*Work to complete*. The line with "#114=CARTESIAN_POINT('',(1.53297097167559,0.,-2.1));", the line with "#123=ORIENTED_EDGE('',*,*,#122,.T.);", and all lines between them in the material below: return these exactly, and no others.
══ Dataset records
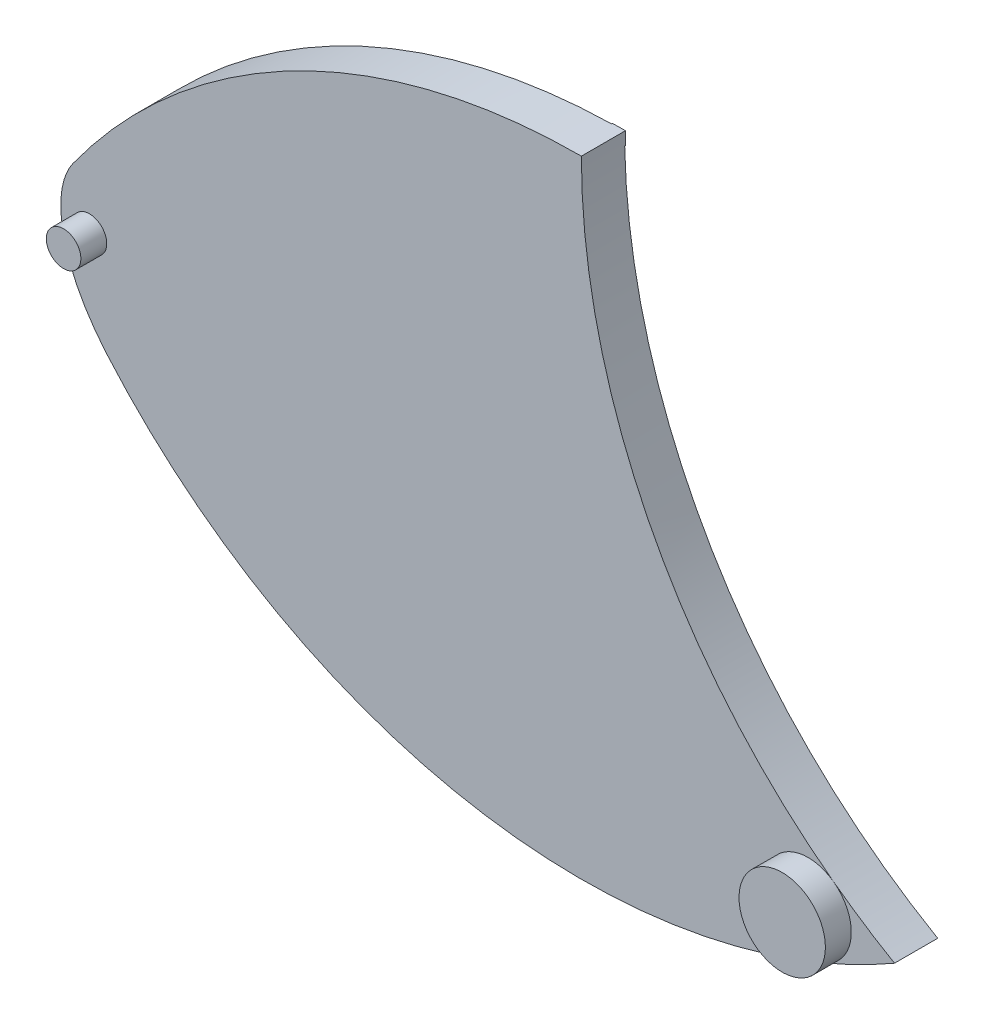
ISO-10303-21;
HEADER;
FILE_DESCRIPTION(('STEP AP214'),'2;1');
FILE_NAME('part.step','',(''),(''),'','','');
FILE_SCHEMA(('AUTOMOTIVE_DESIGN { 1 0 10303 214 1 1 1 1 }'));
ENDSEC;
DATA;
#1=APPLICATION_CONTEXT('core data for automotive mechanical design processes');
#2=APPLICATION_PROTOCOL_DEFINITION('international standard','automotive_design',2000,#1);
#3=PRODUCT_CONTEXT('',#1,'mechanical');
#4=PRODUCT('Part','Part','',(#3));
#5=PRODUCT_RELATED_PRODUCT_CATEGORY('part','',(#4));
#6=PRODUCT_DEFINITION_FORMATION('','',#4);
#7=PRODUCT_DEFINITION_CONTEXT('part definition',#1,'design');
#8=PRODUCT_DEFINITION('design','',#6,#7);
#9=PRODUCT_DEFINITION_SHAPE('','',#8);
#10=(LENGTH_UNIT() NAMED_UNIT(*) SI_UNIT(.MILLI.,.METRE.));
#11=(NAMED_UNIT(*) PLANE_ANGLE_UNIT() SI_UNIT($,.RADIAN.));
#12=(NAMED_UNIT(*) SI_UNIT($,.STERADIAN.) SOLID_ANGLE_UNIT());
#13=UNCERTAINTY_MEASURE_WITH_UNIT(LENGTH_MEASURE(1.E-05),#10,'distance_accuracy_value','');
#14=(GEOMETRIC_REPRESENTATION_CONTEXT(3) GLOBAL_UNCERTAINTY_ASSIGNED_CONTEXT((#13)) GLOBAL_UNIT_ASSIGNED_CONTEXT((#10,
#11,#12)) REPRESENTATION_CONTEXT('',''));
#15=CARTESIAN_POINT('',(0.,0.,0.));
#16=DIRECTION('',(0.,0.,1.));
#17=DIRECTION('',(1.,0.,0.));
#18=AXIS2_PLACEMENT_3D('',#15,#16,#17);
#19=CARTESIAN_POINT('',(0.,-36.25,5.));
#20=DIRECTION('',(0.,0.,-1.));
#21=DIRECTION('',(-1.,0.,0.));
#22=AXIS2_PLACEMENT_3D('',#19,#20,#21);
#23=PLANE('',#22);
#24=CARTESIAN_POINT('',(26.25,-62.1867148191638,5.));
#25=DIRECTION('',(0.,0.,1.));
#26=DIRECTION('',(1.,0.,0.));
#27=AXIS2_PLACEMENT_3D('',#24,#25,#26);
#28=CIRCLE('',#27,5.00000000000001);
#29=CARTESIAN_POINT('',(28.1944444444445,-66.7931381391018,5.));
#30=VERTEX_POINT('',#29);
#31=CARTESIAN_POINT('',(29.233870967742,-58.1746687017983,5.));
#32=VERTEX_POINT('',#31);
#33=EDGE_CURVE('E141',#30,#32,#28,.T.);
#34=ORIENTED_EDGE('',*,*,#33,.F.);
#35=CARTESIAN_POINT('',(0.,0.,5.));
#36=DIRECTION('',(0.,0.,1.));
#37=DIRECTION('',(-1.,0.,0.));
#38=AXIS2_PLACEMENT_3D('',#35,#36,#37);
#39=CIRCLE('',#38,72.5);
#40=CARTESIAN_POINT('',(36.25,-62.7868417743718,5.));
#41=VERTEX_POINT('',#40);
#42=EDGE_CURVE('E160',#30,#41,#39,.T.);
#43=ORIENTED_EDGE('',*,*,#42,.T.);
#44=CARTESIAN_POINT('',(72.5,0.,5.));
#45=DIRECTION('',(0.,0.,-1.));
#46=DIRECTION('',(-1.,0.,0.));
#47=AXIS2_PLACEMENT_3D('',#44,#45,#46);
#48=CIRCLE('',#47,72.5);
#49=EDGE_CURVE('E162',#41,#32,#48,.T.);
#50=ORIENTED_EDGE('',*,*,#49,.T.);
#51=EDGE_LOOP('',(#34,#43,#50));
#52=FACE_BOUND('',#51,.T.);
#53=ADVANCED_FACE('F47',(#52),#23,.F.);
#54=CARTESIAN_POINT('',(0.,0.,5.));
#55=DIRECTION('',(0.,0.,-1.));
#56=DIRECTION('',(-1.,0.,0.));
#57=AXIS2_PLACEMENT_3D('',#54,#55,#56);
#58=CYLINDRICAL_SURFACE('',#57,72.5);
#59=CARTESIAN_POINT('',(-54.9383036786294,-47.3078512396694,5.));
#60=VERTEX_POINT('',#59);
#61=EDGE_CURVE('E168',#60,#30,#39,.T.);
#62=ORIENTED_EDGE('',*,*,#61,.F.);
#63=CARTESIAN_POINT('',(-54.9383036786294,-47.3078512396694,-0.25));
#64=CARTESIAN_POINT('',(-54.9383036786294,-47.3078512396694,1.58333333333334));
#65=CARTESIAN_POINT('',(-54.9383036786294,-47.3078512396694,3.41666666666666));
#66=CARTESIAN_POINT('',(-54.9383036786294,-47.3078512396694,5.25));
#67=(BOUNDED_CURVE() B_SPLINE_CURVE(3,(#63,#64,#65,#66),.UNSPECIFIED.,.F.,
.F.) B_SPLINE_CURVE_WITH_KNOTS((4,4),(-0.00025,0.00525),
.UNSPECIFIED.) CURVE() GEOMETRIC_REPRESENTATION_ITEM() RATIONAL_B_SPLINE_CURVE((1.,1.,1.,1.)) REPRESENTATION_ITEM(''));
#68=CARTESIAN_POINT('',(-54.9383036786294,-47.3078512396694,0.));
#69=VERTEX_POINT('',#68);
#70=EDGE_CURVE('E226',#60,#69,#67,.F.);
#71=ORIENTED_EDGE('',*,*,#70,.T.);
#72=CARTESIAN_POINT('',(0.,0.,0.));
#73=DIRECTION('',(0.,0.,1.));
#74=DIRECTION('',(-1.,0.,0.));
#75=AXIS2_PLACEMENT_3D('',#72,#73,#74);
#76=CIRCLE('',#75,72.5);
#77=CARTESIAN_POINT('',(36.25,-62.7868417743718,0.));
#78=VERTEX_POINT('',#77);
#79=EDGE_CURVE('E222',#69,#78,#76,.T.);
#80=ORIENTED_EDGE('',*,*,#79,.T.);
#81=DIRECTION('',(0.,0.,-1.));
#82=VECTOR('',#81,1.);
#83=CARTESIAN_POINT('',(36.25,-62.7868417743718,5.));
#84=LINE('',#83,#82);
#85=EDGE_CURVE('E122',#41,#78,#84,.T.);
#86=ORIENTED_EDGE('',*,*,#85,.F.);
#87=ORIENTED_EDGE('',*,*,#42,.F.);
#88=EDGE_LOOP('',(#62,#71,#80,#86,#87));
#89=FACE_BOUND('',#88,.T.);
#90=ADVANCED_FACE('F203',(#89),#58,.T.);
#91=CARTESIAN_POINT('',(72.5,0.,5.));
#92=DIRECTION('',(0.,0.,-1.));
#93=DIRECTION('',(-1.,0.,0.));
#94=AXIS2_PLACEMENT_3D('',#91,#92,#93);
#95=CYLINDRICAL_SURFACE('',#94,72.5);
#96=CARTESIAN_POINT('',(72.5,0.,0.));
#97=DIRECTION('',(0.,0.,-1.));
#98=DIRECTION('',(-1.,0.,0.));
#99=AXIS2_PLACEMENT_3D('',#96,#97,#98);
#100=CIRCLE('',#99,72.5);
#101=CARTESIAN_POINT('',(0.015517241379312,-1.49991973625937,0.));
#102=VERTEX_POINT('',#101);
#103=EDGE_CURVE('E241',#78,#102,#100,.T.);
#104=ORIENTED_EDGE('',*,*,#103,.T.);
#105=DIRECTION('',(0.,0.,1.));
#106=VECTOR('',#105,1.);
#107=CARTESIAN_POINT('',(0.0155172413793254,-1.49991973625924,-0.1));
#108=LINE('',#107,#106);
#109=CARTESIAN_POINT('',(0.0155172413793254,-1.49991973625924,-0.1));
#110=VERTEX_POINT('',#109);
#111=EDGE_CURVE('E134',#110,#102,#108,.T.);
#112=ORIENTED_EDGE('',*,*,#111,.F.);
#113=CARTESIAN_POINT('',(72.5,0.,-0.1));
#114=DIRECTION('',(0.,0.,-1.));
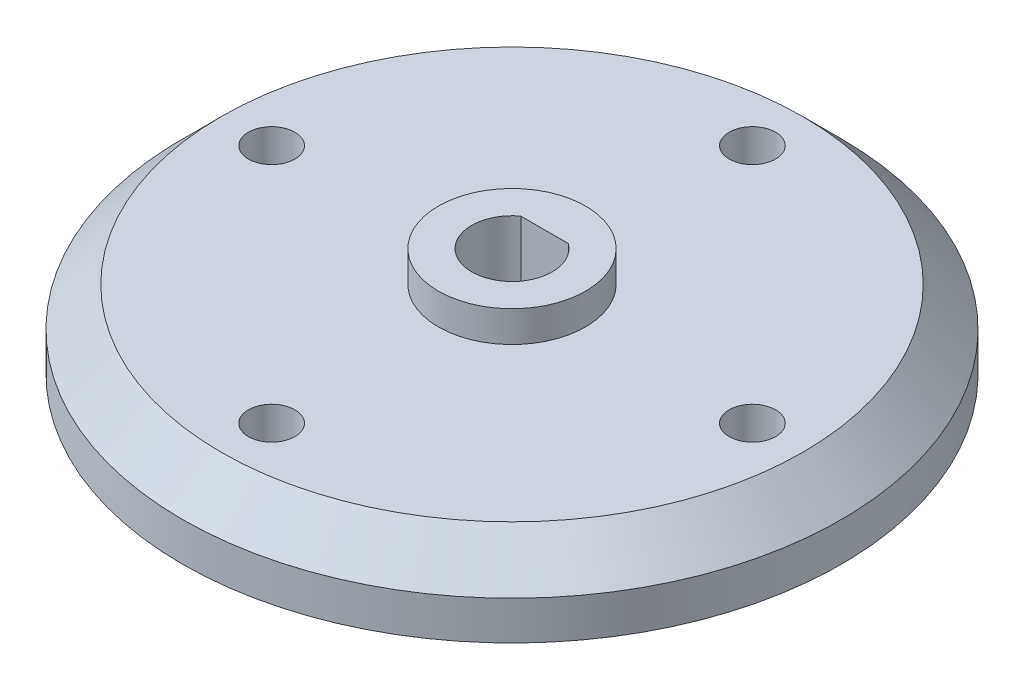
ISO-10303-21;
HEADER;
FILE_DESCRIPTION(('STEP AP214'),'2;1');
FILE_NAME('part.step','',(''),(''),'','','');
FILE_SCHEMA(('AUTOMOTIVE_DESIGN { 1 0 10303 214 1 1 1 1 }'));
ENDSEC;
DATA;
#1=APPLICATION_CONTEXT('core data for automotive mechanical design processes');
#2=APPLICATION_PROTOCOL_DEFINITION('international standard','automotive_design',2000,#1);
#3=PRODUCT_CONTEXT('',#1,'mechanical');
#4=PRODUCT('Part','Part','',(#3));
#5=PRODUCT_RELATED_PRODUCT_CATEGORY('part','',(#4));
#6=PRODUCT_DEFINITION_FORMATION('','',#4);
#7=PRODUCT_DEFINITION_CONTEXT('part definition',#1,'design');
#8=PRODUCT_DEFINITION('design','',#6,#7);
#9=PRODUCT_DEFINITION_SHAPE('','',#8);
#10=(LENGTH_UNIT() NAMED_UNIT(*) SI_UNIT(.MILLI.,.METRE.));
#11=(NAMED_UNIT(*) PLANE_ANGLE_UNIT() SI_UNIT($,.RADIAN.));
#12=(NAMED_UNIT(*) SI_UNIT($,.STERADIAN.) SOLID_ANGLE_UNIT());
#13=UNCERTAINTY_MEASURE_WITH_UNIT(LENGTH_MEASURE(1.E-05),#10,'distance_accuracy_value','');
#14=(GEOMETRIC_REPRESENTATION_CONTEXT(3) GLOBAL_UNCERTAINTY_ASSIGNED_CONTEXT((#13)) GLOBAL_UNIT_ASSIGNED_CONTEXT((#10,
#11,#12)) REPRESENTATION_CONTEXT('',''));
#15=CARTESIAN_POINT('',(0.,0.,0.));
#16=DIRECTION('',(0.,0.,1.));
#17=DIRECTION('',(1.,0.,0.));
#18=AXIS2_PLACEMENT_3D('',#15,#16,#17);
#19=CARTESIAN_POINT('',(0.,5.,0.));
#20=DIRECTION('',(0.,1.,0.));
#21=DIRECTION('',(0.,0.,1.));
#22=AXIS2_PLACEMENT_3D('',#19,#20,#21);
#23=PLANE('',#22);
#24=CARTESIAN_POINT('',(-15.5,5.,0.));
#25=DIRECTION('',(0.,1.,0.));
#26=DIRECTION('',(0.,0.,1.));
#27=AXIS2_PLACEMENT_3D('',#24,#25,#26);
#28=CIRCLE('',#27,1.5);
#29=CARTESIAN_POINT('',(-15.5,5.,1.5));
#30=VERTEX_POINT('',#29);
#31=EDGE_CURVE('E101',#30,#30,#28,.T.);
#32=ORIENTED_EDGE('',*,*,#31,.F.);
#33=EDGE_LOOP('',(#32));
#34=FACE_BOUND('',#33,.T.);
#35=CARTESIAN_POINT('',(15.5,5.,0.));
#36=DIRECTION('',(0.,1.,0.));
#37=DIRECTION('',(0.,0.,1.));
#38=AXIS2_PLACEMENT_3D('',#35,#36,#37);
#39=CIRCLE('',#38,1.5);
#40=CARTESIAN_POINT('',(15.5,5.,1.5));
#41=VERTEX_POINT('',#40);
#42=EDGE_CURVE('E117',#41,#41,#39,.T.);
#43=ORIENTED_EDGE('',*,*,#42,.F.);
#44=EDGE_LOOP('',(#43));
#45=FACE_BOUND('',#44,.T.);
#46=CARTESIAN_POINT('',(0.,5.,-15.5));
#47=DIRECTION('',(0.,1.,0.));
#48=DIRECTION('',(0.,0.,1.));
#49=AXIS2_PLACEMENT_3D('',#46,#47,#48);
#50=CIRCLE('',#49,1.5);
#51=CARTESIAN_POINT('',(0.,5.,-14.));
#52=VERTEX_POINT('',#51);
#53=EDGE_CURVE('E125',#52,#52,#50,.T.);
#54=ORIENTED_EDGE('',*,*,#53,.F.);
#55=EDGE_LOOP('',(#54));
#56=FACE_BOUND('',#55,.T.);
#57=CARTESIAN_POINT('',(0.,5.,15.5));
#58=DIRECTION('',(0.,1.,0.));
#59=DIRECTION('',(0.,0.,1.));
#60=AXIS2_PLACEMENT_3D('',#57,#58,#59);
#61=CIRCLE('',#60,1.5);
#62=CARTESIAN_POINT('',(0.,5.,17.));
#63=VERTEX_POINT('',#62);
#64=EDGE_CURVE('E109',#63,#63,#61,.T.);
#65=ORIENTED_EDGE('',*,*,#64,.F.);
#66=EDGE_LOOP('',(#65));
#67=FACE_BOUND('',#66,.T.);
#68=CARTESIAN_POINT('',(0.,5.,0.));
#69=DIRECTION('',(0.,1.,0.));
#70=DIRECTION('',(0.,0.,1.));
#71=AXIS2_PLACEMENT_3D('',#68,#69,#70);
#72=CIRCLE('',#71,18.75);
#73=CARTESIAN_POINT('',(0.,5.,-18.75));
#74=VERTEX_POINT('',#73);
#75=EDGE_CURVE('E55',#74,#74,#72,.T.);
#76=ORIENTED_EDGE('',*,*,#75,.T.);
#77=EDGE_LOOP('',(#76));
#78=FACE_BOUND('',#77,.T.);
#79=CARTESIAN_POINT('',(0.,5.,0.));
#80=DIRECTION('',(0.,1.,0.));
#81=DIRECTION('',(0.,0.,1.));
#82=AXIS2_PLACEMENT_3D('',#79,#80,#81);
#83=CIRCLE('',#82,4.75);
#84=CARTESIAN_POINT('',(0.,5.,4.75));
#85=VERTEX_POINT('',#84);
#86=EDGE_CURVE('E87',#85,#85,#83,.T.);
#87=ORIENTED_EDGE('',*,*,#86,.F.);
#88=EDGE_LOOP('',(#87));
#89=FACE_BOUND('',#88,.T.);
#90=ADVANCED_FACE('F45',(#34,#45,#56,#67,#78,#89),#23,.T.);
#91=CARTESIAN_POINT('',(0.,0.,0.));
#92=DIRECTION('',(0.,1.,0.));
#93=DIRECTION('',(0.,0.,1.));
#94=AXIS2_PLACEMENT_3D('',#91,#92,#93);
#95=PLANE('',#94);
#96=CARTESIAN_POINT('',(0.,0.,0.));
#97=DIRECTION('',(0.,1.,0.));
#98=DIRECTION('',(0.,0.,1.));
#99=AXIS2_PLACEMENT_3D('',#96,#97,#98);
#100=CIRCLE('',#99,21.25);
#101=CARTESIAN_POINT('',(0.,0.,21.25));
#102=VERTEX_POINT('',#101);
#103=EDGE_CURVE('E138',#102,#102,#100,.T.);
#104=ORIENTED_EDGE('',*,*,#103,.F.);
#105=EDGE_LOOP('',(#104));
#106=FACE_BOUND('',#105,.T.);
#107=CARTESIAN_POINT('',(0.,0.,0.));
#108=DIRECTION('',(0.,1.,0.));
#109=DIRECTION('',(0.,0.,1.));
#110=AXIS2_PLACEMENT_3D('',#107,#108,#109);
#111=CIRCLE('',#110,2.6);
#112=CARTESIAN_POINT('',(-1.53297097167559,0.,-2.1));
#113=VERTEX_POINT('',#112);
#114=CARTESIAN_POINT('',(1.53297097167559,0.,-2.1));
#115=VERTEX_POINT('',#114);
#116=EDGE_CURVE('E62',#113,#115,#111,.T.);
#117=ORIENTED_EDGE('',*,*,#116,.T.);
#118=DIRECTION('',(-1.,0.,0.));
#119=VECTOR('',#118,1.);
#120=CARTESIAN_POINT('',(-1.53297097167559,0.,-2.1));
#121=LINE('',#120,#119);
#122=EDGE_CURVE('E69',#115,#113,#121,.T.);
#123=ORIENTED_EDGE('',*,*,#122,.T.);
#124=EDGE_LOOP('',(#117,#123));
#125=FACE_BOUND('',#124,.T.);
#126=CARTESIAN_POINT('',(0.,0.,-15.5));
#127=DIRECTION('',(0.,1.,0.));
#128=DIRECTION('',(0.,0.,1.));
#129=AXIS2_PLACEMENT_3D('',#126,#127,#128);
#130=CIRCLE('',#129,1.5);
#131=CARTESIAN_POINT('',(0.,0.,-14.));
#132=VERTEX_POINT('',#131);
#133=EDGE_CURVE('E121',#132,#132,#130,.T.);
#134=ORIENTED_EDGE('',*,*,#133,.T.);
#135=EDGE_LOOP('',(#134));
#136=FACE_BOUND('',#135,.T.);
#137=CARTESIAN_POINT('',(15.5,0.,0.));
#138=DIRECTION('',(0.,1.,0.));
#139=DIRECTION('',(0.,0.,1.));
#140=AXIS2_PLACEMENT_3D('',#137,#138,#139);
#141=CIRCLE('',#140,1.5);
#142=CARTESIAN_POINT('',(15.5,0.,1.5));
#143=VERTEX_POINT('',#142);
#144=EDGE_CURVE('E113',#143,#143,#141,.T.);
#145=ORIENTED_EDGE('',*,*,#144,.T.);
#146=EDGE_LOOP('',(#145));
════
*Result of this exercise*.
#114=CARTESIAN_POINT('',(1.53297097167559,0.,-2.1));
#115=VERTEX_POINT('',#114);
#116=EDGE_CURVE('E62',#113,#115,#111,.T.);
#117=ORIENTED_EDGE('',*,*,#116,.T.);
#118=DIRECTION('',(-1.,0.,0.));
#119=VECTOR('',#118,1.);
#120=CARTESIAN_POINT('',(-1.53297097167559,0.,-2.1));
#121=LINE('',#120,#119);
#122=EDGE_CURVE('E69',#115,#113,#121,.T.);
#123=ORIENTED_EDGE('',*,*,#122,.T.);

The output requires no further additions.